Millennials and Gen Zs were raised to be entrepreneurs of the self, to believe that, if they simply worked and studied hard enough, success and security were waiting in their futures. Failure was a personal blight for refusing to invest their time wisely, for failing to grind hard enough. Post-2008, that dream was shot. You could work and work, but that did not mean that you would have job security and freedom from roommates by your mid-30s. Maybe this was what was meant by burnout culture. In the aftermath of the crash, middle-class people spoke of the death of the dream – the postwar ethos that, if you were willing to work hard enough and play by the rules, upper mobility and success were waiting in your future. If their parents had believed in climbing the ladder and just rewards for their hard work, this path was now closed to their children.

These generations are also a product of the speculative environment they were raised in. Most of the day-traders were teenagers or children in the financial crash, or just graduating college. Fledgling adults in the COVID-19 pandemic. Born between the mid-1980s and early 2000s, their identity is shaped by the vacuum of post-communist politics (I, personally, was sent, age five, to a fancy-dress party styled as the Berlin Wall) or shaped by the speculation and excess of the dotcom era, or racked by the uncertainty of the 2008 financial crash. They’ve encountered the death of the American dream (or in Ireland, where I’m from, the optimism of the Celtic Tiger) and felt the withdrawal of the state’s contract in everything from mounting student debt to inferior healthcare to the rising cost of living. The postwar security and investment in public goods like education and housing their grandparents and parents enjoyed has been replaced by volatility and risk. Retail trading forums like WallStreetBets and NFT Discords are spaces where people trade crazy investment advice, but it’s also where they articulate their loss of hope in those same dreams.

What replaced the fantasy of the good life? Dreams of prepping for life on Mars or in the metaverse? Of financial security through wild trades, or finding a good man to take care of you so you could leave the hustle behind? And who are these new dreams in service of? If the tale of hard work and upward mobility kept us yoked to our employers and our 9-to-5 jobs, the fantasy of the YOLO investment ‘Lambos or food stamps!’ keeps its subjects attached to the market. To risking it all. And these dreams feed the market, as in the crypto winter of 2021 where many vulnerable investors were left holding the bag, or the post-GameStop frenzy where, despite feelgood stories about David and Goliath, the significant profiteer was the market-maker behind the Robinhood trading app.

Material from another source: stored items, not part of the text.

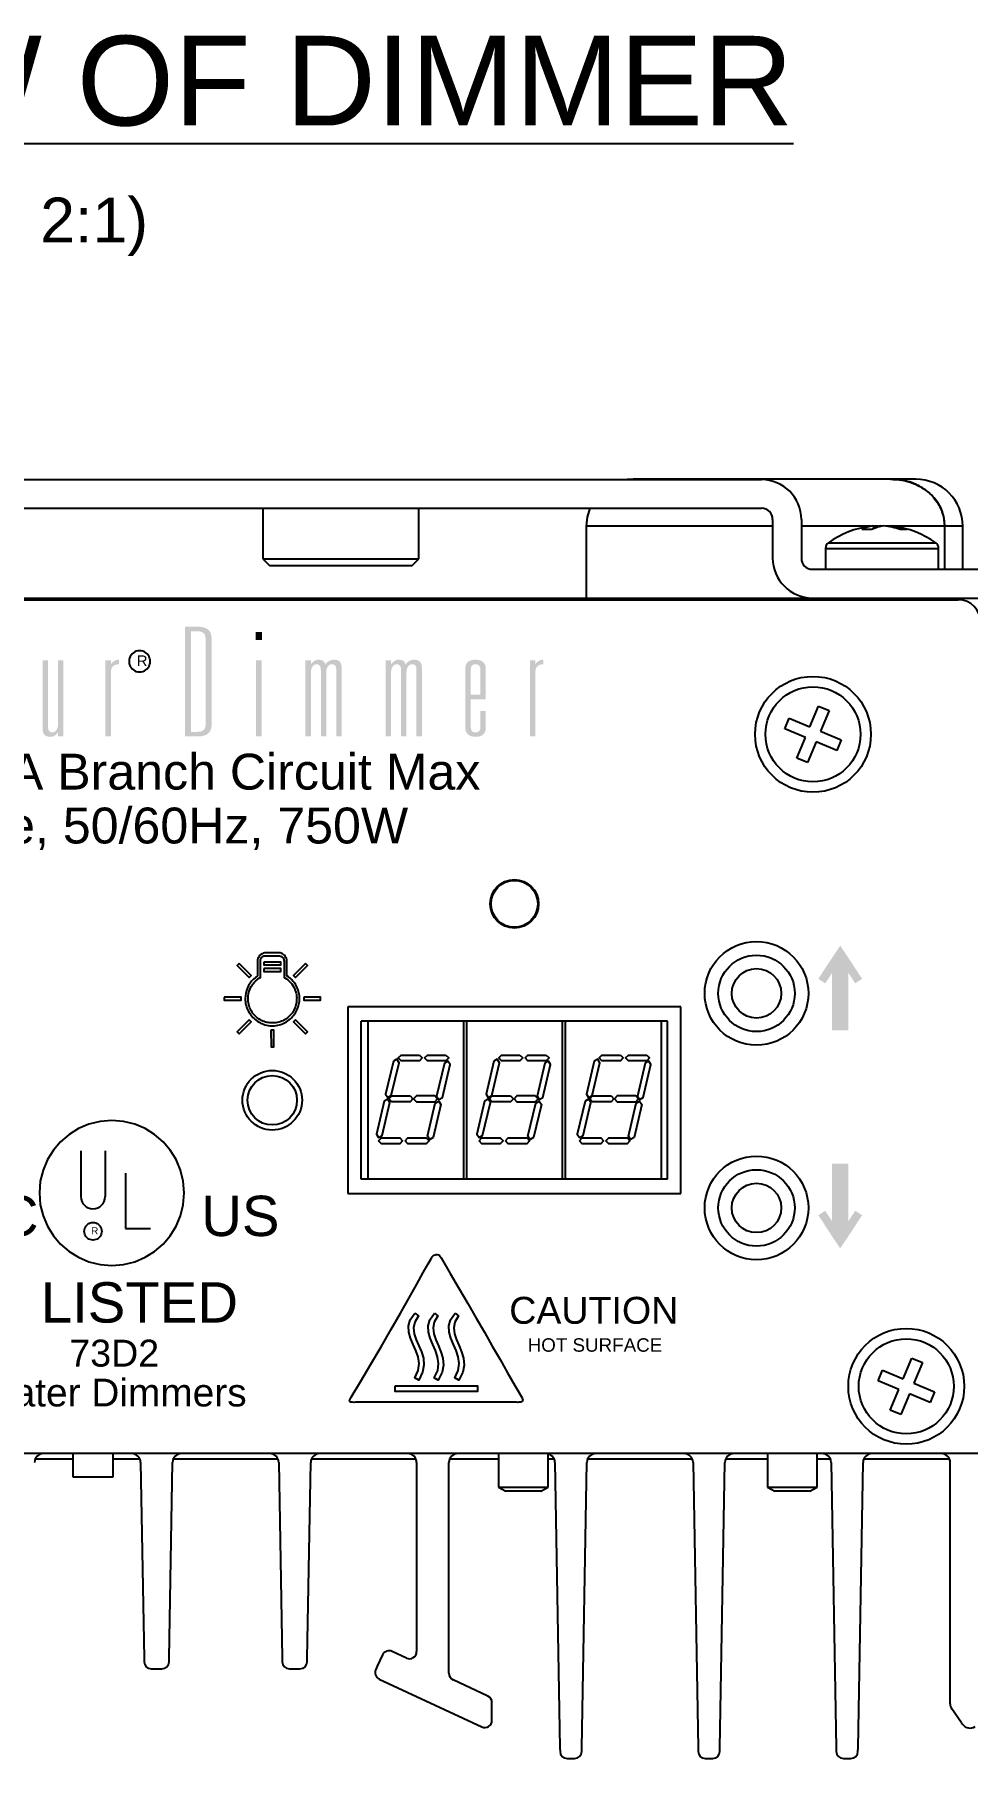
# Model space of a CAD drawing. Header units: inches. Extents: x 1 to 63.1, y 0.7 to 40.3.
# Drawn here: x 45.61 to 50.81, y 28.59 to 38.2 of the extents above; entities that cross this region are included whole.
import ezdxf
from ezdxf.enums import TextEntityAlignment as Align

# ---------------------------------------------------------------- set-up
doc = ezdxf.new("R2010")
doc.units = ezdxf.units.IN
doc.header["$MEASUREMENT"] = 0
doc.linetypes.add('AUSGEZOGEN', pattern=[0])
for name, color, linetype in [('DIM', 1, 'Continuous'), ('ENGRAVING', 2, 'AUSGEZOGEN'), ('OBJECT', 7, 'Continuous')]:
    doc.layers.add(name, color=color, linetype=linetype)
doc.styles.add('Arial', font='arial.ttf')

msp = doc.modelspace()

# ---------------------------------------------------------------- hatches: boundary and pattern name
at = {"layer": 'ENGRAVING'}
h = msp.add_hatch(color=256, dxfattribs=at)
h.paths.add_polyline_path([(46.5196, 34.3131), (46.5282, 34.3135), (46.536, 34.3146), (46.5428, 34.3165), (46.5487, 34.3191), (46.5537, 34.3224), (46.5578, 34.3265), (46.561, 34.3313), (46.5633, 34.3369), (46.5647, 34.3433), (46.5651, 34.3503), (46.5651, 34.8366), (46.5647, 34.8436), (46.5633, 34.85), (46.561, 34.8556), (46.5578, 34.8604), (46.5537, 34.8645), (46.5487, 34.8678), (46.5428, 34.8704), (46.536, 34.8723), (46.5282, 34.8734), (46.5196, 34.8738), (46.4849, 34.8738), (46.4849, 34.3131)], flags=16)
h.paths.add_polyline_path([(46.4512, 34.8992), (46.5229, 34.8992), (46.5374, 34.8985), (46.5503, 34.8966), (46.5617, 34.8933), (46.5716, 34.8887), (46.5799, 34.8828), (46.5868, 34.8757), (46.5921, 34.8672), (46.5959, 34.8574), (46.5981, 34.8463), (46.5989, 34.834), (46.5989, 34.3529), (46.5981, 34.3406), (46.5959, 34.3295), (46.5921, 34.3197), (46.5868, 34.3112), (46.5799, 34.3041), (46.5716, 34.2982), (46.5617, 34.2936), (46.5503, 34.2903), (46.5374, 34.2884), (46.5229, 34.2877), (46.4512, 34.2877)])
for points in [[(46.8438, 34.8696), (46.8809, 34.8696), (46.8809, 34.8257), (46.8438, 34.8257)], [(45.7426, 34.2877), (45.7426, 34.3105), (45.7413, 34.3087), (45.74, 34.307), (45.7385, 34.3052), (45.737, 34.3035), (45.7353, 34.3018), (45.7335, 34.3), (45.7316, 34.2984), (45.7296, 34.2967), (45.7275, 34.295), (45.7253, 34.2934), (45.723, 34.2918), (45.7207, 34.2905), (45.7183, 34.2892), (45.716, 34.2882), (45.7136, 34.2873), (45.7112, 34.2865), (45.7087, 34.286), (45.7062, 34.2856), (45.7037, 34.2853), (45.7012, 34.2853), (45.6968, 34.2854), (45.6926, 34.2857), (45.6886, 34.2862), (45.6849, 34.287), (45.6814, 34.288), (45.6781, 34.2892), (45.6751, 34.2906), (45.6723, 34.2923), (45.6698, 34.2941), (45.6675, 34.2962), (45.6654, 34.2986), (45.6635, 34.3013), (45.6618, 34.3043), (45.6604, 34.3077), (45.6592, 34.3114), (45.6582, 34.3155), (45.6575, 34.3199), (45.6569, 34.3246), (45.6566, 34.3297), (45.6565, 34.3351), (45.6565, 34.7125), (45.6869, 34.7125), (45.6869, 34.346), (45.687, 34.3421), (45.6871, 34.3384), (45.6874, 34.335), (45.6878, 34.3318), (45.6884, 34.3289), (45.689, 34.3263), (45.6898, 34.3238), (45.6906, 34.3217), (45.6916, 34.3198), (45.6928, 34.3181), (45.694, 34.3167), (45.6954, 34.3154), (45.697, 34.3143), (45.6987, 34.3133), (45.7006, 34.3125), (45.7026, 34.3118), (45.7048, 34.3112), (45.7071, 34.3108), (45.7095, 34.3106), (45.7122, 34.3105), (45.7145, 34.3106), (45.7168, 34.311), (45.7191, 34.3116), (45.7213, 34.3124), (45.7234, 34.3134), (45.7255, 34.3147), (45.7275, 34.3162), (45.7295, 34.318), (45.7315, 34.3199), (45.7333, 34.3221), (45.7351, 34.3246), (45.7367, 34.3272), (45.738, 34.3301), (45.7392, 34.3332), (45.7403, 34.3365), (45.7411, 34.34), (45.7417, 34.3437), (45.7422, 34.3477), (45.7425, 34.3518), (45.7426, 34.3562), (45.7426, 34.7125), (45.773, 34.7125), (45.773, 34.2877)], [(46.0074, 34.7125), (46.0378, 34.7125), (46.0378, 34.6898), (46.0391, 34.6917), (46.0404, 34.6936), (46.0419, 34.6954), (46.0435, 34.6972), (46.0451, 34.699), (46.0469, 34.7008), (46.0488, 34.7025), (46.0508, 34.7041), (46.0529, 34.7057), (46.0552, 34.7073), (46.0575, 34.7088), (46.0599, 34.7101), (46.0623, 34.7113), (46.0649, 34.7123), (46.0675, 34.7131), (46.0702, 34.7138), (46.073, 34.7143), (46.0758, 34.7147), (46.0788, 34.715), (46.0818, 34.715), (46.0818, 34.6898), (46.0734, 34.6893), (46.0659, 34.6879), (46.0593, 34.6856), (46.0536, 34.6825), (46.0488, 34.6783), (46.0448, 34.6733), (46.0418, 34.6674), (46.0396, 34.6605), (46.0382, 34.6528), (46.0378, 34.6441), (46.0378, 34.2877), (46.0074, 34.2877)], [(46.8471, 34.7125), (46.8775, 34.7125), (46.8775, 34.2877), (46.8471, 34.2877)], [(47.1219, 34.7125), (47.1524, 34.7125), (47.1524, 34.6898), (47.1536, 34.6915), (47.1549, 34.6933), (47.1564, 34.6951), (47.158, 34.6968), (47.1596, 34.6985), (47.1614, 34.7002), (47.1633, 34.7019), (47.1653, 34.7036), (47.1674, 34.7053), (47.1696, 34.7069), (47.1719, 34.7084), (47.1742, 34.7098), (47.1766, 34.711), (47.179, 34.7121), (47.1814, 34.713), (47.1838, 34.7137), (47.1862, 34.7143), (47.1887, 34.7147), (47.1912, 34.7149), (47.1937, 34.715), (47.1975, 34.715), (47.2011, 34.7147), (47.2044, 34.7144), (47.2076, 34.7139), (47.2105, 34.7132), (47.2132, 34.7124), (47.2157, 34.7115), (47.2181, 34.7103), (47.2202, 34.7091), (47.2221, 34.7077), (47.2237, 34.7062), (47.2253, 34.7045), (47.2268, 34.7028), (47.2281, 34.701), (47.2293, 34.6991), (47.2304, 34.6971), (47.2313, 34.695), (47.2322, 34.6928), (47.2329, 34.6904), (47.2334, 34.688), (47.2347, 34.6901), (47.236, 34.6922), (47.2375, 34.6942), (47.2392, 34.6961), (47.2409, 34.698), (47.2428, 34.6999), (47.2448, 34.7017), (47.2469, 34.7035), (47.2492, 34.7052), (47.2516, 34.7069), (47.254, 34.7084), (47.2566, 34.7098), (47.2592, 34.711), (47.262, 34.7121), (47.2647, 34.713), (47.2676, 34.7137), (47.2706, 34.7143), (47.2736, 34.7147), (47.2767, 34.7149), (47.2799, 34.715), (47.2843, 34.7149), (47.2885, 34.7146), (47.2925, 34.714), (47.2962, 34.7133), (47.2997, 34.7123), (47.303, 34.7111), (47.306, 34.7096), (47.3088, 34.708), (47.3113, 34.7062), (47.3136, 34.7041), (47.3157, 34.7017), (47.3176, 34.699), (47.3192, 34.6959), (47.3206, 34.6926), (47.3218, 34.6888), (47.3228, 34.6848), (47.3236, 34.6804), (47.3241, 34.6757), (47.3245, 34.6706), (47.3246, 34.6652), (47.3246, 34.2877), (47.2942, 34.2877), (47.2942, 34.6543), (47.2941, 34.6582), (47.294, 34.6619), (47.2937, 34.6653), (47.2933, 34.6684), (47.2927, 34.6713), (47.2921, 34.674), (47.2913, 34.6764), (47.2905, 34.6786), (47.2895, 34.6805), (47.2883, 34.6822), (47.2871, 34.6836), (47.2856, 34.6849), (47.2841, 34.686), (47.2824, 34.687), (47.2805, 34.6878), (47.2785, 34.6885), (47.2763, 34.6891), (47.274, 34.6894), (47.2715, 34.6897), (47.2689, 34.6898), (47.2666, 34.6896), (47.2643, 34.6893), (47.262, 34.6887), (47.2598, 34.6878), (47.2577, 34.6868), (47.2556, 34.6855), (47.2536, 34.6839), (47.2516, 34.6822), (47.2496, 34.6802), (47.2478, 34.6779), (47.246, 34.6754), (47.2444, 34.6727), (47.243, 34.6698), (47.2418, 34.6667), (47.2408, 34.6633), (47.2399, 34.6598), (47.2393, 34.656), (47.2388, 34.652), (47.2385, 34.6478), (47.2384, 34.6433), (47.2384, 34.2877), (47.2081, 34.2877), (47.2081, 34.6585), (47.2078, 34.6644), (47.207, 34.6698), (47.2058, 34.6744), (47.204, 34.6785), (47.2017, 34.6819), (47.1989, 34.6848), (47.1956, 34.6869), (47.1919, 34.6885), (47.1876, 34.6894), (47.1828, 34.6898), (47.1804, 34.6896), (47.1781, 34.6892), (47.1759, 34.6886), (47.1737, 34.6877), (47.1715, 34.6865), (47.1694, 34.6851), (47.1674, 34.6834), (47.1654, 34.6815), (47.1635, 34.6793), (47.1616, 34.6768), (47.1599, 34.6742), (47.1583, 34.6712), (47.1569, 34.6681), (47.1557, 34.6647), (47.1547, 34.6611), (47.1539, 34.6573), (47.1532, 34.6533), (47.1528, 34.649), (47.1525, 34.6445), (47.1524, 34.6398), (47.1524, 34.2877), (47.1219, 34.2877)], [(47.5692, 34.7125), (47.5995, 34.7125), (47.5995, 34.6898), (47.6008, 34.6915), (47.6021, 34.6933), (47.6036, 34.6951), (47.6051, 34.6968), (47.6068, 34.6985), (47.6086, 34.7002), (47.6105, 34.7019), (47.6125, 34.7036), (47.6146, 34.7053), (47.6168, 34.7069), (47.6191, 34.7084), (47.6214, 34.7098), (47.6237, 34.711), (47.6261, 34.7121), (47.6285, 34.713), (47.6309, 34.7137), (47.6334, 34.7143), (47.6359, 34.7147), (47.6384, 34.7149), (47.6409, 34.715), (47.6447, 34.715), (47.6482, 34.7147), (47.6516, 34.7144), (47.6547, 34.7139), (47.6576, 34.7132), (47.6604, 34.7124), (47.6629, 34.7115), (47.6652, 34.7103), (47.6673, 34.7091), (47.6692, 34.7077), (47.6709, 34.7062), (47.6725, 34.7045), (47.6739, 34.7028), (47.6752, 34.701), (47.6764, 34.6991), (47.6775, 34.6971), (47.6785, 34.695), (47.6793, 34.6928), (47.68, 34.6904), (47.6806, 34.688), (47.6818, 34.6901), (47.6832, 34.6922), (47.6847, 34.6942), (47.6863, 34.6961), (47.6881, 34.698), (47.69, 34.6999), (47.692, 34.7017), (47.6941, 34.7035), (47.6963, 34.7052), (47.6987, 34.7069), (47.7012, 34.7084), (47.7038, 34.7098), (47.7064, 34.711), (47.7091, 34.7121), (47.7119, 34.713), (47.7148, 34.7137), (47.7177, 34.7143), (47.7207, 34.7147), (47.7238, 34.7149), (47.727, 34.715), (47.7315, 34.7149), (47.7357, 34.7146), (47.7396, 34.714), (47.7434, 34.7133), (47.7469, 34.7123), (47.7501, 34.7111), (47.7532, 34.7096), (47.7559, 34.708), (47.7585, 34.7062), (47.7608, 34.7041), (47.7629, 34.7017), (47.7648, 34.699), (47.7664, 34.6959), (47.7678, 34.6926), (47.769, 34.6888), (47.77, 34.6848), (47.7708, 34.6804), (47.7713, 34.6757), (47.7716, 34.6706), (47.7718, 34.6652), (47.7718, 34.2877), (47.7414, 34.2877), (47.7414, 34.6543), (47.7413, 34.6582), (47.7411, 34.6619), (47.7408, 34.6653), (47.7404, 34.6684), (47.7399, 34.6713), (47.7393, 34.674), (47.7385, 34.6764), (47.7376, 34.6786), (47.7366, 34.6805), (47.7355, 34.6822), (47.7342, 34.6836), (47.7328, 34.6849), (47.7312, 34.686), (47.7295, 34.687), (47.7277, 34.6878), (47.7257, 34.6885), (47.7235, 34.6891), (47.7212, 34.6894), (47.7187, 34.6897), (47.7161, 34.6898), (47.7137, 34.6896), (47.7114, 34.6893), (47.7092, 34.6887), (47.707, 34.6878), (47.7049, 34.6868), (47.7028, 34.6855), (47.7007, 34.6839), (47.6987, 34.6822), (47.6968, 34.6802), (47.6949, 34.6779), (47.6932, 34.6754), (47.6916, 34.6727), (47.6902, 34.6698), (47.689, 34.6667), (47.688, 34.6633), (47.6872, 34.6598), (47.6865, 34.656), (47.6861, 34.652), (47.6858, 34.6478), (47.6857, 34.6433), (47.6857, 34.2877), (47.6552, 34.2877), (47.6552, 34.6585), (47.6549, 34.6644), (47.6542, 34.6698), (47.6529, 34.6744), (47.6512, 34.6785), (47.6489, 34.6819), (47.6461, 34.6848), (47.6428, 34.6869), (47.639, 34.6885), (47.6347, 34.6894), (47.6299, 34.6898), (47.6276, 34.6896), (47.6253, 34.6892), (47.623, 34.6886), (47.6208, 34.6877), (47.6187, 34.6865), (47.6166, 34.6851), (47.6146, 34.6834), (47.6126, 34.6815), (47.6106, 34.6793), (47.6088, 34.6768), (47.607, 34.6742), (47.6054, 34.6712), (47.604, 34.6681), (47.6028, 34.6647), (47.6018, 34.6611), (47.601, 34.6573), (47.6004, 34.6533), (47.5999, 34.649), (47.5996, 34.6445), (47.5995, 34.6398), (47.5995, 34.2877), (47.5692, 34.2877)], [(48.3736, 34.7125), (48.4041, 34.7125), (48.4041, 34.6898), (48.4053, 34.6917), (48.4067, 34.6936), (48.4081, 34.6954), (48.4097, 34.6972), (48.4114, 34.699), (48.4131, 34.7008), (48.415, 34.7025), (48.417, 34.7041), (48.4191, 34.7057), (48.4214, 34.7073), (48.4237, 34.7088), (48.4261, 34.7101), (48.4286, 34.7113), (48.4311, 34.7123), (48.4337, 34.7131), (48.4364, 34.7138), (48.4392, 34.7143), (48.442, 34.7147), (48.445, 34.715), (48.4479, 34.715), (48.4479, 34.6898), (48.4396, 34.6893), (48.4321, 34.6879), (48.4256, 34.6856), (48.4199, 34.6825), (48.4151, 34.6783), (48.4111, 34.6733), (48.4081, 34.6674), (48.4059, 34.6605), (48.4046, 34.6528), (48.4041, 34.6441), (48.4041, 34.2877), (48.3736, 34.2877)], [(49.9821, 32.9362), (50.0203, 32.9112), (50.0585, 32.9688), (50.0585, 32.6494), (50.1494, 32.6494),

Financial markets are no longer a space where investors allocate capital to businesses to grow a profit. It’s all about gambling on vibes in the gulf left by financial and social and political systems in total freefall. Nihilistic vibes, desperate vibes, hopeless vibes. The market is a giant lottery in search of the prize of security, gambling for a spot in the lifeboats. Of course, financial markets have been divorced from the so-called ‘real’ economy since the 1970s. But, maybe, in the era of post-truth and political apathy, what is new is an acceleration of these sensations, a total sense that nothing matters anymore. Hard work doesn’t matter. Good sense doesn’t matter, and neither do good bets or doing all the right things.

There are no more dreams of the good life. And no more futures. Fuckit. YOLO.